■ **WORK REQUIRED**:
All lines in the data below carrying the string "Subtract" are to be located and copied.

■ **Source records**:
===

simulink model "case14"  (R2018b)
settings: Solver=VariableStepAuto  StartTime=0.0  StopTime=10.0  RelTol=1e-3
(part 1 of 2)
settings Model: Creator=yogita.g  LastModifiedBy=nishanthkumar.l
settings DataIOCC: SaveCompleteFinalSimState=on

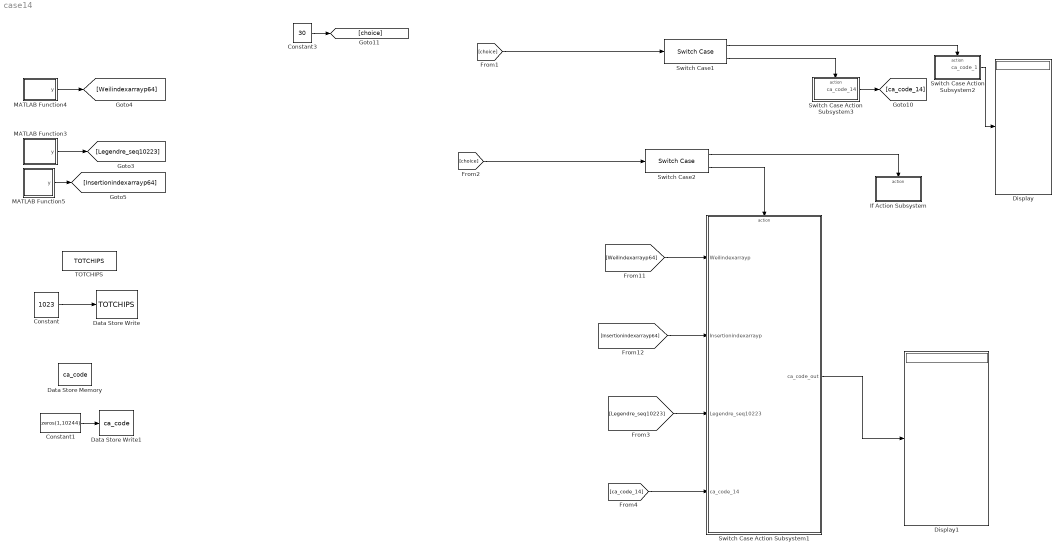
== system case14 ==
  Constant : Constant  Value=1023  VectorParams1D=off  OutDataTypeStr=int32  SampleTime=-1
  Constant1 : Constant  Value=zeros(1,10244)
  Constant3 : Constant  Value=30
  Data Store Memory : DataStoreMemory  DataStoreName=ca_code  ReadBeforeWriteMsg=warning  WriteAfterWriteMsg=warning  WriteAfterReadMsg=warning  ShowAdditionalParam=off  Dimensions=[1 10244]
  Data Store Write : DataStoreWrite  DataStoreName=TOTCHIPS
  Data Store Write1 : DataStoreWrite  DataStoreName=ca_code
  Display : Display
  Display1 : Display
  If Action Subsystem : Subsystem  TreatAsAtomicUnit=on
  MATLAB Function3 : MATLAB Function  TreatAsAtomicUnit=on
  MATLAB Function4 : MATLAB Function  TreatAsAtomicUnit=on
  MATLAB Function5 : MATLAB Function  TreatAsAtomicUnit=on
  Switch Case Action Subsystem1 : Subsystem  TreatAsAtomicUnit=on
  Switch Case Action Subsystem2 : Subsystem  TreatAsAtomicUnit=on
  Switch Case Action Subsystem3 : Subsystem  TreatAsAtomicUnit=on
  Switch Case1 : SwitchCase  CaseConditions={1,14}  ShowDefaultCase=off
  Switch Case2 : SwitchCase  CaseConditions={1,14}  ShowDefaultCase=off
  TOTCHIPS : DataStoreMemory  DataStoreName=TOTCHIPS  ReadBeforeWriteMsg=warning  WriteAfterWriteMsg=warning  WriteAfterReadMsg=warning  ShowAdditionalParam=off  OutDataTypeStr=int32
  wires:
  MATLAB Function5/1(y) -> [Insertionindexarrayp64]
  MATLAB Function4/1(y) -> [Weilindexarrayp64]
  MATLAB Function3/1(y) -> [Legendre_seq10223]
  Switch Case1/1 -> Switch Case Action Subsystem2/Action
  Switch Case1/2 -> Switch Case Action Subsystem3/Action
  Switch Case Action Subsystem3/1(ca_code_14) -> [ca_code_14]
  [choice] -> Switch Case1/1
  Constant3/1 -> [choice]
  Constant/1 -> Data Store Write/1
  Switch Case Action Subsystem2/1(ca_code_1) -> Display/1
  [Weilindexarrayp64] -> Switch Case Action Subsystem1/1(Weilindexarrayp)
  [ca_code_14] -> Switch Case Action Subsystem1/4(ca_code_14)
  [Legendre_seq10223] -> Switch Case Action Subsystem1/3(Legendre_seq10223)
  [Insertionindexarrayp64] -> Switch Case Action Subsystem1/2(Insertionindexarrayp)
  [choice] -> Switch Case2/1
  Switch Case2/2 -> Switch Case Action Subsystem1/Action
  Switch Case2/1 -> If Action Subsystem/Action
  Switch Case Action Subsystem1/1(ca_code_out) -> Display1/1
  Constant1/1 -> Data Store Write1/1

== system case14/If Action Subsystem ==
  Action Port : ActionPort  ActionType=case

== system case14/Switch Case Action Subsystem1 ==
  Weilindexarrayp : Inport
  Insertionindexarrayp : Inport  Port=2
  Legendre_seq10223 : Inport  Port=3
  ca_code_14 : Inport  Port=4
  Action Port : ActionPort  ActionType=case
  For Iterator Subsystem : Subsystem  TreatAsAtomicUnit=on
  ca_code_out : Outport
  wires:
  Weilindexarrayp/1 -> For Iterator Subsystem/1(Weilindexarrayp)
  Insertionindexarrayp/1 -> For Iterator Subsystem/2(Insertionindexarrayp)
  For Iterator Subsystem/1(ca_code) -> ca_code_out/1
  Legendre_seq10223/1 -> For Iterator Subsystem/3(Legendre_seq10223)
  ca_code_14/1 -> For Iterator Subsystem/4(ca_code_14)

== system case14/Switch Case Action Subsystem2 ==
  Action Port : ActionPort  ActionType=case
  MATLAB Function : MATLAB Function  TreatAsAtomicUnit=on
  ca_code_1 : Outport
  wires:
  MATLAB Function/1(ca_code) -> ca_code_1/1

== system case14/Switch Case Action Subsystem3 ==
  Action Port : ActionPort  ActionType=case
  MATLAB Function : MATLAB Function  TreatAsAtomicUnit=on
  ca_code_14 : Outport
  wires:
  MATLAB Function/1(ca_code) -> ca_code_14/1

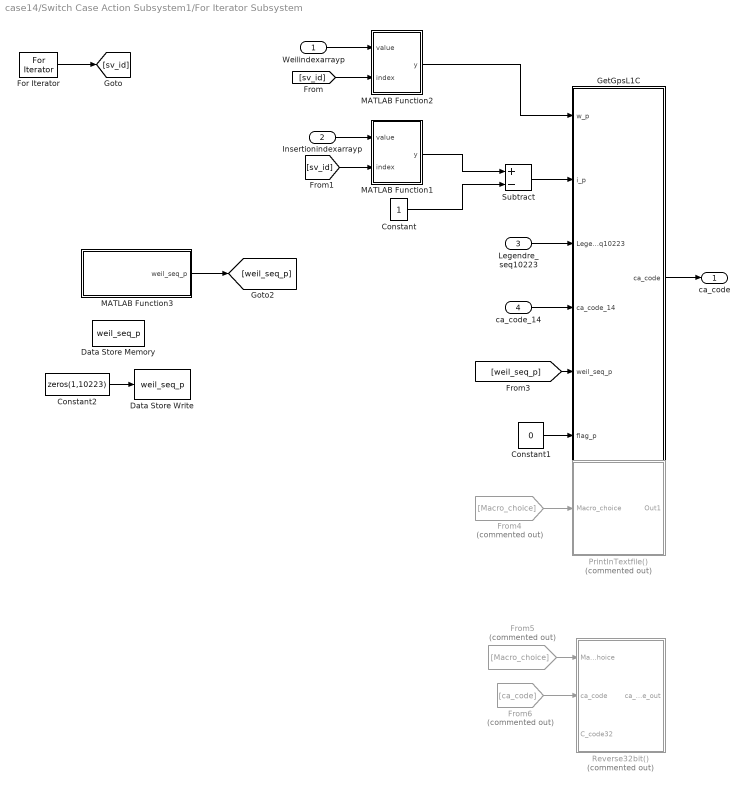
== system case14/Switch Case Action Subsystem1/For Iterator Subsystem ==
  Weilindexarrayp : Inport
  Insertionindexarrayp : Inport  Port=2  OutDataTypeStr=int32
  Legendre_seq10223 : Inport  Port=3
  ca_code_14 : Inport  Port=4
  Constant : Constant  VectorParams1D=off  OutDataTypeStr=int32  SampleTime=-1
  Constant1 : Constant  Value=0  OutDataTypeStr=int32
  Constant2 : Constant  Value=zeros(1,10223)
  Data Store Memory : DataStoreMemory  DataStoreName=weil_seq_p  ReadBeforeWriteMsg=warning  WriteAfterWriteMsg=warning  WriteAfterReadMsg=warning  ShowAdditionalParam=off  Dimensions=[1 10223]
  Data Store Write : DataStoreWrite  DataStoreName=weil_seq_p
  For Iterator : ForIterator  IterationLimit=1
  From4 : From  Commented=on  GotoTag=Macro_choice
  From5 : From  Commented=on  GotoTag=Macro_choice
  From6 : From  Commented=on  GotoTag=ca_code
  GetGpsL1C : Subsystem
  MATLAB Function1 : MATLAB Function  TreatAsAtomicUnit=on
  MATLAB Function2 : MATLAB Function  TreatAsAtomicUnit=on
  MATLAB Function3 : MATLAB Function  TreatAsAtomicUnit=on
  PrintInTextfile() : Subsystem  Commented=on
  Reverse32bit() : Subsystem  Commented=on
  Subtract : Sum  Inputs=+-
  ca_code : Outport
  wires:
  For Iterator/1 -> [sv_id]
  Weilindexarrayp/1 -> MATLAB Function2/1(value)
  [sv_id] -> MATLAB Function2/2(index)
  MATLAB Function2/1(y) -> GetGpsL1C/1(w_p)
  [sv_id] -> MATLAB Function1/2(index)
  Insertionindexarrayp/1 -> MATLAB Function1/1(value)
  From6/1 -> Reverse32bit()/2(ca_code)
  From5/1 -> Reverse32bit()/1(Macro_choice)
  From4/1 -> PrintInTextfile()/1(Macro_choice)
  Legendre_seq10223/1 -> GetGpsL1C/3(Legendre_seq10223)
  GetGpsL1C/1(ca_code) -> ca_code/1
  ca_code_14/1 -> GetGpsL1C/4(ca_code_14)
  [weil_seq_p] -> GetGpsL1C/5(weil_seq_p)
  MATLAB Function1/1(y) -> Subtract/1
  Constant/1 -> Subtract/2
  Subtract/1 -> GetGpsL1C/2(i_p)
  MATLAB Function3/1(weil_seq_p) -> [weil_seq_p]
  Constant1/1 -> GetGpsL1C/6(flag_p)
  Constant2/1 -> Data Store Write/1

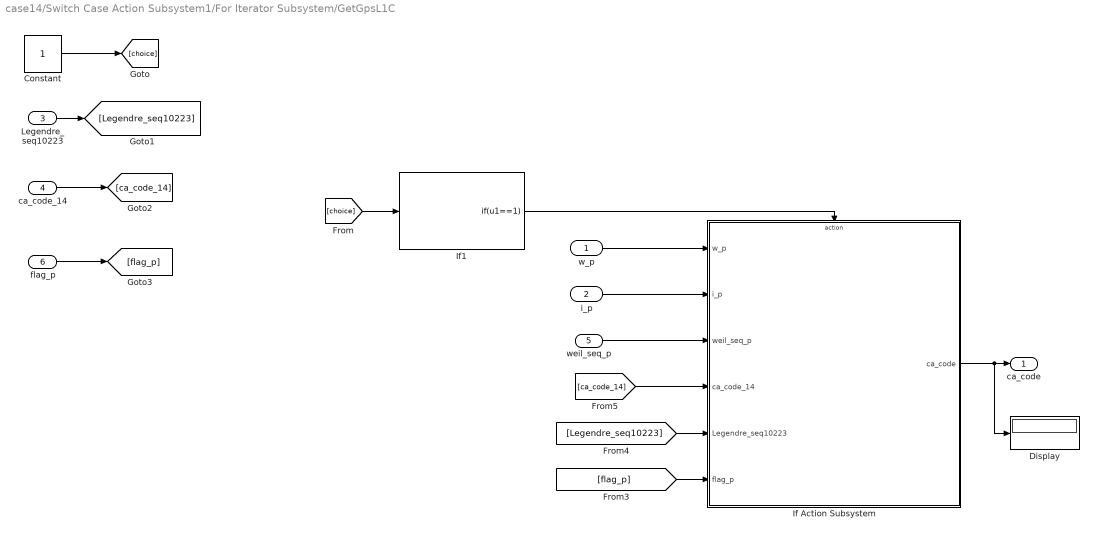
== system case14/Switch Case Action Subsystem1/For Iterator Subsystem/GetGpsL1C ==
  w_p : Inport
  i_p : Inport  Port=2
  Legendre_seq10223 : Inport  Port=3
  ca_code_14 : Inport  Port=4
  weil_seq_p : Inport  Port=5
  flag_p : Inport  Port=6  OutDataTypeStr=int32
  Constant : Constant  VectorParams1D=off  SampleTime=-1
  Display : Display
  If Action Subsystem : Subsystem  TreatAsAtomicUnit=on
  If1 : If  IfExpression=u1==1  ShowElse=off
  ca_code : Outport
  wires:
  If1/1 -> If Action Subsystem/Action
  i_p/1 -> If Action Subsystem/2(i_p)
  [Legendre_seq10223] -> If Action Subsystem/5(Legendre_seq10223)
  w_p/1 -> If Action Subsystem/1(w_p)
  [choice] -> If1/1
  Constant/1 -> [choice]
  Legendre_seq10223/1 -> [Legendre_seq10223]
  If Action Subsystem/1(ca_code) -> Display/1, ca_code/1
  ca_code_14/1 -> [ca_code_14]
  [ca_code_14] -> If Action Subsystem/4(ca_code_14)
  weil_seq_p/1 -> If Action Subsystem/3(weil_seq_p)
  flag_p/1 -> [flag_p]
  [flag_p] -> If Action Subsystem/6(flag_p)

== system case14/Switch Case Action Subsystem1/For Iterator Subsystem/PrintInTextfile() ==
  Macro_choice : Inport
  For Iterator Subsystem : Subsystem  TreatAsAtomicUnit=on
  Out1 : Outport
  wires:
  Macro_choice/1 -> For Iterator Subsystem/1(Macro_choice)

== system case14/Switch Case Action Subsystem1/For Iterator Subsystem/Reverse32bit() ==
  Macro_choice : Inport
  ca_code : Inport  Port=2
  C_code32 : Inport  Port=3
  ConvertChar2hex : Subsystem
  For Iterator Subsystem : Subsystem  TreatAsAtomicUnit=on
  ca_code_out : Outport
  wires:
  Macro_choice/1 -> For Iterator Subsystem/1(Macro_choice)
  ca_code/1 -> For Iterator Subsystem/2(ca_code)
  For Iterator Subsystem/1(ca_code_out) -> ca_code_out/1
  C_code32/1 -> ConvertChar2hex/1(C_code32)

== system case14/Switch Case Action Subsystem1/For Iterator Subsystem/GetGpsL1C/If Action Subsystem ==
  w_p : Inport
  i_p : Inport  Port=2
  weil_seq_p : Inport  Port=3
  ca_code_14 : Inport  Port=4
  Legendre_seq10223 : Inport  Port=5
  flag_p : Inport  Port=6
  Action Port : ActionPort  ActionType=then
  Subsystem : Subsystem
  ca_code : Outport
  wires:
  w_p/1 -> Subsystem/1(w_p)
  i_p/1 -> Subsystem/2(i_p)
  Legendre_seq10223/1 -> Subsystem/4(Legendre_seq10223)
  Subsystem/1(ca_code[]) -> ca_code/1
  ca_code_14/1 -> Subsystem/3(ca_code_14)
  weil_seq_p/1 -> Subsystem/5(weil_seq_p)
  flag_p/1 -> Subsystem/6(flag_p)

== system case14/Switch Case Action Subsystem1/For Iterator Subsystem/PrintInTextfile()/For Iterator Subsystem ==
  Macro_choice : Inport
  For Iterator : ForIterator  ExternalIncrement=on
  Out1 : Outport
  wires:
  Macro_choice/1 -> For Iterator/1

===

■ **RESULT**:
  Subtract : Sum  Inputs=+-
  MATLAB Function1/1(y) -> Subtract/1
  Constant/1 -> Subtract/2
  Subtract/1 -> GetGpsL1C/2(i_p)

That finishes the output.